Mike and Harry laughed loudly, and Ara just screamed, trying to dodge the stream of water—not quite able to gather her wits and retaliate or even escape. Watching her run about the yard like a schoolgirl without any combat training made me worry for her. If she found herself in a dangerous or hostile situation, it was clear her body would go into flight mode—provided escape was even possible. It was the same thing that had happened when I attacked her; she just shut down that day, did nothing to help herself.
“Stop it!” she squealed, but Mike was enjoying himself too much to stop. It seemed his new lease on life—the one he’d found since he and Emily sorted out their shit—had allowed him to once again enjoy the simple things, and the simple things seemed to be a relationship with Ara. They hadn’t been close in decades; hadn’t mucked around or joked with each other. I hadn’t seen Mike smile at her that way in a very long time. But with Emily pregnant, I supposed Ara was less of a threat now, which allowed Mike the freedom to be the friend he’d missed being. Which also made me see why Emily had forbid it in the first place. There was too much love behind that smile, and what hurt Emily was that the love had no true bearing. It was the result of a curse and it felt incredibly unfair. Even to me.

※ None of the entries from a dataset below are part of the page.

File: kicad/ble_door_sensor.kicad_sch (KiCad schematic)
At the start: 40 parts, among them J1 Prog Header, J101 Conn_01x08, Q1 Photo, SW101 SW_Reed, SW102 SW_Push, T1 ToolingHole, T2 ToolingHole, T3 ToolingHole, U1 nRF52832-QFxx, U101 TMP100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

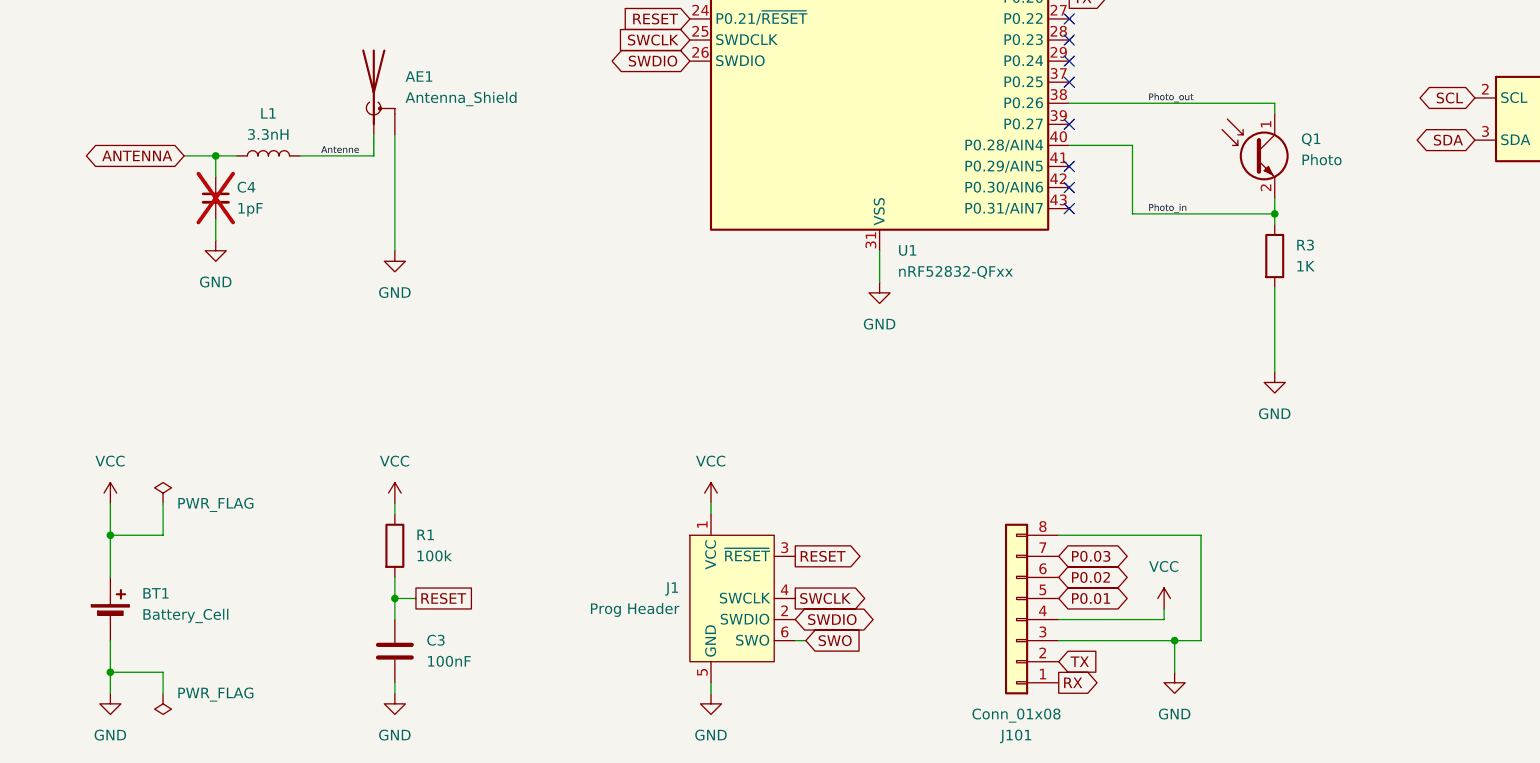
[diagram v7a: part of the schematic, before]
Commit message: Add MPN and Manufacturer for most parts
To be able to order from different houses
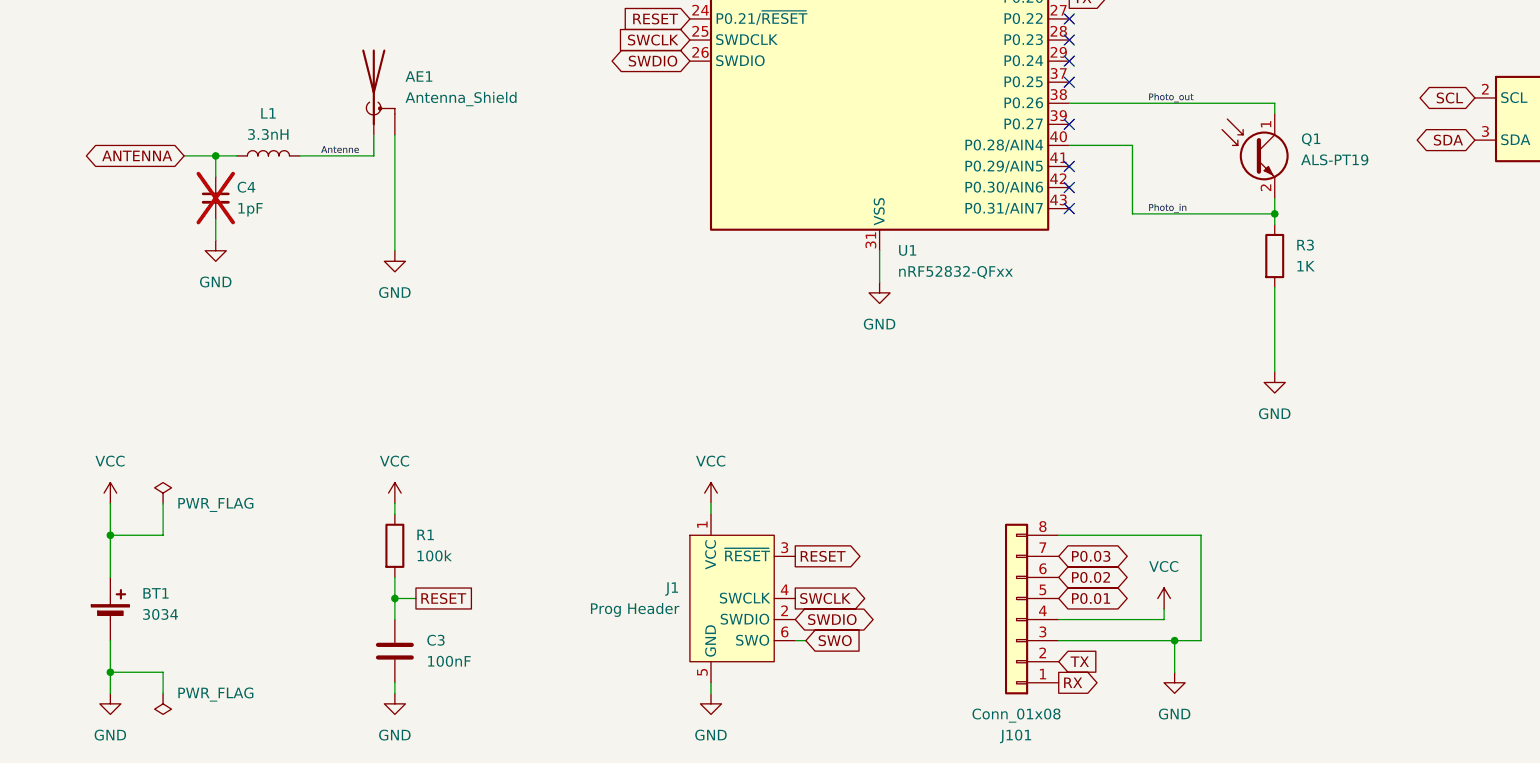
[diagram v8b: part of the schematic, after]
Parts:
- AE1, C4, H101, H102, J1, J101, SW101, T1, T2, T3: MPN (none) -> -
- BT1: value Battery_Cell -> 3034; MPN (none) -> 3034TR; Manufacturer (none) -> Keystone
- C1, C101, C107, C11, C3: MPN (none) -> 100nF 0402
- C13: MPN (none) -> 10nF 0402
- C2: MPN (none) -> 4,7uF 0603
- C5: MPN (none) -> 1uF 0603
- C6, C8: MPN (none) -> 12pF 0402
- C7, C9: MPN (none) -> 100pF 0402
- D101: MPN (none) -> KP-1608SGC
- L1: MPN (none) -> LQG15HS3N3C02D; Manufacturer (none) -> Murata Electronics
- L101: MPN (none) -> LQW15AN15NH00D; Manufacturer (none) -> Murata Electronics
- L102: MPN (none) -> MLZ1608E100MT; Manufacturer (none) -> TDK
- Q1: value Photo -> ALS-PT19; MPN (none) -> ALS-PT19-315C/L177/TR8
- R1, R101, R104, R105: MPN (none) -> 100K
- R102, R3: MPN (none) -> 1K
- R2: MPN (none) -> 1M
- SW102: MPN (none) -> TS-1187A-B-A-B; Manufacturer (none) -> XKB Connectivity
- U1: MPN (none) -> NRF52832-QFAA-R; Manufacturer (none) -> Nordic Semicon
- U101: MPN (none) -> TMP100NA/3K; Manufacturer (none) -> Texas Instruments
- U2: MPN (none) -> SHTC3-TR-10KS; Manufacturer (none) -> Sensirion
- Y1: MPN (none) -> X322532MOB4SI; Manufacturer (none) -> YXC
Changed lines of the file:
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@@
+      (effects (font (size 1.27 1.27)) hide)
+    )
+    (property "MPN" "-" (at 237.49 151.13 0)
       (effects (font (size 1.27 1.27)) hide)
     )
@@
       (effects (font (size 1.27 1.27)) hide)
     )
+    (property "MPN" "LQG15HS3N3C02D" (at 52.07 119.38 0)
+      (effects (font (size 1.27 1.27)) hide)
+    )
+    (property "Manufacturer" "Murata Electronics" (at 52.07 119.38 0)
+      (effects (font (size 1.27 1.27)) hide)
+    )
     (pin "2")
     (pin "1")
@@
     )
     (property "LCSC#" "-" (at 142.24 175.26 0)
+      (effects (font (size 1.27 1.27)) hide)
+    )
+    (property "MPN" "-" (at 142.24 175.26 0)
       (effects (font (size 1.27 1.27)) hide)
     )
@@
       (effects (font (size 1.27 1.27)) hide)
     )
+    (property "MPN" "-" (at 248.92 54.61 0)
+      (effects (font (size 1.27 1.27)) hide)
+    )
     (pin "2")
     (pin "1")
@@
       (effects (font (size 1.27 1.27)) hide)
     )
+    (property "MPN" "-" (at 215.9 158.75 0)
+      (effects (font (size 1.27 1.27)) hide)
+    )
     (instances
       (project "ble_door_sensor"
@@
       (effects (font (size 1.27 1.27)) (justify left))
     )
-    (property "Value" "Photo" (at 176.53 119.9007 0)
+    (property "Value" "ALS-PT19" (at 176.53 119.9007 0)
       (effects (font (size 1.27 1.27)) (justify left))
     )
@@
       (effects (font (size 1.27 1.27)) hide)
     )
+    (property "MPN" "ALS-PT19-315C/L177/TR8" (at 170.815 119.38 0)
+      (effects (font (size 1.27 1.27)) hide)
+    )
     (pin "2")
     (pin "1")
@@
     )
     (property "LCSC#" "C25741" (at 67.31 166.37 0)
+      (effects (font (size 1.27 1.27)) hide)
+    )
+    (property "MPN" "100K" (at 67.31 166.37 0)
       (effects (font (size 1.27 1.27)) hide)
     )
@@
       (effects (font (size 1.27 1.27)) hide)
     )
+    (property "MPN" "100nF 0402" (at 34.29 45.72 0)
+      (effects (font (size 1.27 1.27)) hide)
+    )
     (pin "1")
     (pin "2")
@@
     )
     (property "LCSC#" "C1525" (at 24.13 45.72 0)
+      (effects (font (size 1.27 1.27)) hide)
+    )
+    (property "MPN" "100nF 0402" (at 24.13 45.72 0)
       (effects (font (size 1.27 1.27)) hide)
     )
@@
       (effects (font (size 1.27 1.27)) hide)
     )
+    (property "MPN" "TS-1187A-B-A-B" (at 205.74 55.245 0)
+      (effects (font (size 1.27 1.27)) hide)
+    )
+    (property "Manufacturer" "XKB Connectivity" (at 205.74 55.245 0)
+      (effects (font (size 1.27 1.27)) hide)
+    )
     (pin "2")
     (pin "1")
@@
       (effects (font (size 1.27 1.27)) (justify left))
     )
-    (property "Value" "Battery_Cell" (at 36.83 174.6885 0)
+    (property "Value" "3034" (at 36.83 174.6885 0)
       (effects (font (size 1.27 1.27)) (justify left))
     )
@@
       (effects (font (size 1.27 1.27)) hide)
     )
+    (property "MPN" "3034TR" (at 33.02 175.26 0)
+      (effects (font (size 1.27 1.27)) hide)
+    )
+    (property "Manufacturer" "Keystone" (at 33.02 175.26 0)
+      (effects (font (size 1.27 1.27)) hide)
+    )
     (pin "2")
     (pin "1")
@@
       (effects (font (size 1.27 1.27)) hide)
     )
+    (property "MPN" "100nF 0402" (at 86.36 45.72 0)
+      (effects (font (size 1.27 1.27)) hide)
+    )
     (pin "2")
     (pin "1")
@@
       (effects (font (size 1.27 1.27)) hide)
     )
+    (property "MPN" "1K" (at 173.355 131.445 0)
+      (effects (font (size 1.27 1.27)) hide)
+    )
     (pin "1")
     (pin "2")
@@
       (effects (font (size 1.27 1.27)) hide)
     )
+    (property "MPN" "MLZ1608E100MT" (at 128.27 22.86 0)
+      (effects (font (size 1.27 1.27)) hide)
+    )
+    (property "Manufacturer" "TDK" (at 128.27 22.86 0)
+      (effects (font (size 1.27 1.27)) hide)
+    )
     (pin "2")
     (pin "1")
@@
     )
     (property "LCSC#" "C2880044" (at 205.105 114.935 0)
+      (effects (font (size 1.27 1.27)) hide)
+    )
+    (property "MPN" "SHTC3-TR-10KS" (at 205.105 114.935 0)
+      (effects (font (size 1.27 1.27)) hide)
+    )
+    (property "Manufacturer" "Sensirion" (at 205.105 114.935 0)
       (effects (font (size 1.27 1.27)) hide)
     )
@@
       (effects (font (size 1.27 1.27)) hide)
     )
+    (property "MPN" "1K" (at 180.975 38.735 0)
+      (effects (font (size 1.27 1.27)) hide)
+    )
     (pin "1")
     (pin "2")
@@
       (effects (font (size 1.27 1.27)) hide)
     )
+    (property "MPN" "1uF 0603" (at 54.61 45.72 0)
+      (effects (font (size 1.27 1.27)) hide)
+    )
     (pin "1")
     (pin "2")
@@
     )
     (property "LCSC#" "C1547" (at 59.69 92.71 90)
+      (effects (font (size 1.27 1.27)) hide)
+    )
+    (property "MPN" "12pF 0402" (at 59.69 92.71 0)
       (effects (font (size 1.27 1.27)) hide)
     )
@@
       (effects (font (size 1.27 1.27)) hide)
     )
+    (property "MPN" "-" (at 257.81 151.13 0)
+      (effects (font (size 1.27 1.27)) hide)
+    )
     (instances
       (project "ble_door_sensor"
@@
     )
     (property "LCSC#" "C1546" (at 64.77 45.72 0)
+      (effects (font (size 1.27 1.27)) hide)
+    )
+    (property "MPN" "100pF 0402" (at 64.77 45.72 0)
       (effects (font (size 1.27 1.27)) hide)
     )
@@
       (effects (font (size 1.27 1.27)) hide)
     )
+    (property "MPN" "10nF 0402" (at 257.81 54.61 0)
+      (effects (font (size 1.27 1.27)) hide)
+    )
     (pin "2")
     (pin "1")
@@
     )
     (property "LCSC#" "C31810" (at 261.62 118.11 0)
+      (effects (font (size 1.27 1.27)) hide)
+    )
+    (property "MPN" "TMP100NA/3K" (at 261.62 118.11 0)
+      (effects (font (size 1.27 1.27)) hide)
+    )
+    (property "Manufacturer" "Texas Instruments" (at 261.62 118.11 0)
       (effects (font (size 1.27 1.27)) hide)
     )
@@
       (effects (font (size 1.27 1.27)) hide)
     )
+    (property "MPN" "12pF 0402" (at 66.04 82.55 0)
+      (effects (font (size 1.27 1.27)) hide)
+    )
     (pin "2")
     (pin "1")
@@
     )
     (property "LCSC#" "C19666" (at 44.45 45.72 0)
+      (effects (font (size 1.27 1.27)) hide)
+    )
+    (property "MPN" "4,7uF 0603" (at 44.45 45.72 0)
       (effects (font (size 1.27 1.27)) hide)
     )
@@
       (effects (font (size 1.27 1.27)) hide)
     )
+    (property "MPN" "100K" (at 215.9 41.275 0)
+      (effects (font (size 1.27 1.27)) hide)
+    )
     (pin "2")
     (pin "1")
@@
     )
     (property "LCSC#" "C77540" (at 125.73 87.63 0)
+      (effects (font (size 1.27 1.27)) hide)
+    )
+    (property "MPN" "NRF52832-QFAA-R" (at 125.73 87.63 0)
+      (effects (font (size 1.27 1.27)) hide)
+    )
+    (property "Manufacturer" "Nordic Semicon" (at 125.73 87.63 0)
       (effects (font (size 1.27 1.27)) hide)
     )
@@
       (effects (font (size 1.27 1.27)) hide)
     )
+    (property "MPN" "LQW15AN15NH00D" (at 115.57 22.86 0)
+      (effects (font (size 1.27 1.27)) hide)
+    )
+    (property "Manufacturer" "Murata Electronics" (at 115.57 22.86 0)
+      (effects (font (size 1.27 1.27)) hide)
+    )
     (pin "2")
     (pin "1")
@@
     )
     (property "LCSC#" "C1525" (at 215.9 55.245 0)
+      (effects (font (size 1.27 1.27)) hide)
+    )
+    (property "MPN" "100nF 0402" (at 215.9 55.245 0)
       (effects (font (size 1.27 1.27)) hide)
     )
@@
       (effects (font (size 1.27 1.27)) hide)
     )
+    (property "MPN" "-" (at 215.9 151.13 0)
+      (effects (font (size 1.27 1.27)) hide)
+    )
     (instances
       (project "ble_door_sensor"
@@
       (effects (font (size 1.27 1.27)) hide)
     )
+    (property "MPN" " KP-1608SGC" (at 180.975 50.165 0)
+      (effects (font (size 1.27 1.27)) hide)
+    )
     (pin "2")
     (pin "1")
@@
     )
     (property "LCSC#" "C25741" (at 236.22 107.95 0)
+      (effects (font (size 1.27 1.27)) hide)
+    )
+    (property "MPN" "100K" (at 236.22 107.95 0)
       (effects (font (size 1.27 1.27)) hide)
     )
@@
       (effects (font (size 1.27 1.27)) hide)
     )
+    (property "MPN" "-" (at 107.95 172.72 0)
+      (effects (font (size 1.27 1.27)) hide)
+    )
     (pin "6")
     (pin "1")
@@
       (effects (font (size 1.27 1.27)) hide)
     )
+    (property "MPN" "-" (at 45.72 124.46 0)
+      (effects (font (size 1.27 1.27)) hide)
+    )
     (pin "1")
     (pin "2")
@@
       (effects (font (size 1.27 1.27)) hide)
     )
+    (property "MPN" "1M" (at 257.81 39.37 0)
+      (effects (font (size 1.27 1.27)) hide)
+    )
     (pin "2")
     (pin "1")
@@
     )
     (property "LCSC#" "C1546" (at 74.93 45.72 0)
+      (effects (font (size 1.27 1.27)) hide)
+    )
+    (property "MPN" "100pF 0402" (at 74.93 45.72 0)
       (effects (font (size 1.27 1.27)) hide)
     )
@@
       (effects (font (size 1.27 1.27)) hide)
     )
+    (property "MPN" "-" (at 237.49 158.75 0)
+      (effects (font (size 1.27 1.27)) hide)
+    )
     (instances
       (project "ble_door_sensor"
@@
     )
     (property "LCSC#" "C1525" (at 67.31 179.07 0)
+      (effects (font (size 1.27 1.27)) hide)
+    )
+    (property "MPN" "100nF 0402" (at 67.31 179.07 0)
       (effects (font (size 1.27 1.27)) hide)
     )
@@
       (effects (font (size 1.27 1.27)) hide)
     )
+    (property "MPN" "-" (at 64.77 111.76 0)
+      (effects (font (size 1.27 1.27)) hide)
+    )
     (pin "1")
     (pin "2")
@@
       (effects (font (size 1.27 1.27)) hide)
     )
+    (property "MPN" "X322532MOB4SI" (at 77.47 87.63 0)
+      (effects (font (size 1.27 1.27)) hide)
+    )
+    (property "Manufacturer" "YXC" (at 77.47 87.63 0)
+      (effects (font (size 1.27 1.27)) hide)
+    )
     (pin "1")
     (pin "2")
@@
       (effects (font (size 1.27 1.27)) hide)
     )
+    (property "MPN" "100K" (at 246.38 107.95 0)
+      (effects (font (size 1.27 1.27)) hide)
+    )

I was about to step in and end this gleeful charade when Ara jerked around reflexively and, as she put her hand out to protect herself from another blast of cold water, the stream stopped mid-air before reversing itself and saturating Mike and Harry.
I stood in check while the others just laughed like it was the most normal thing in the world. But it wasn’t. Not to me. Ara hadn’t used her Cerulean Magic since she came back to life—not around me at least—and it just hit me as further evidence that my Ara was surfacing a little bit more every day. And then it sunk in—sunk through me—that I’d misinterpreted what Vicki had said to me that day: Ara was burying her old self until she felt safe to bring her out again. I didn’t need to beat it out of her—punish her until she obeyed me and became her old self. I needed to love it out. I’d heard Vicki when she said that, but I hadn’t truly understood it until now.
When Ara looked at me, I laughed as though I had been the whole time. Not even Mike seemed to notice that this was the first time she’d exposed her old self around any of us, or perhaps he did and just wasn’t making a big deal out of it. Which, I decided, was a capital idea. She didn’t need attention brought to it. She just needed to move on with her life.
“Oh my goodness!” Vicki shrieked, stepping outside. “Look at the state of you. Both of you!”
The very wet and orange Ara and Harry laughed, pinching the cold clothes off their bodies as they walked back to the porch.
“He started it.” Ara laughed, pointing at Mike.
“And you ended it,” he called, flapping his wet shirt.
Ara laughed again, which made Vicki smile. “Looks like you had fun.”
“We did.” Ara nodded.
“And Mom used telekinesis,” Harry informed, showing Vicki the bat.
“That’s great,” she said, not making too big a deal of it. “Now come on in, Harry. I’ll take you up to get cleaned.” She took his hand and looked at the both of us, shaking her head. “And you two better do the same before I have to wash the floors again.”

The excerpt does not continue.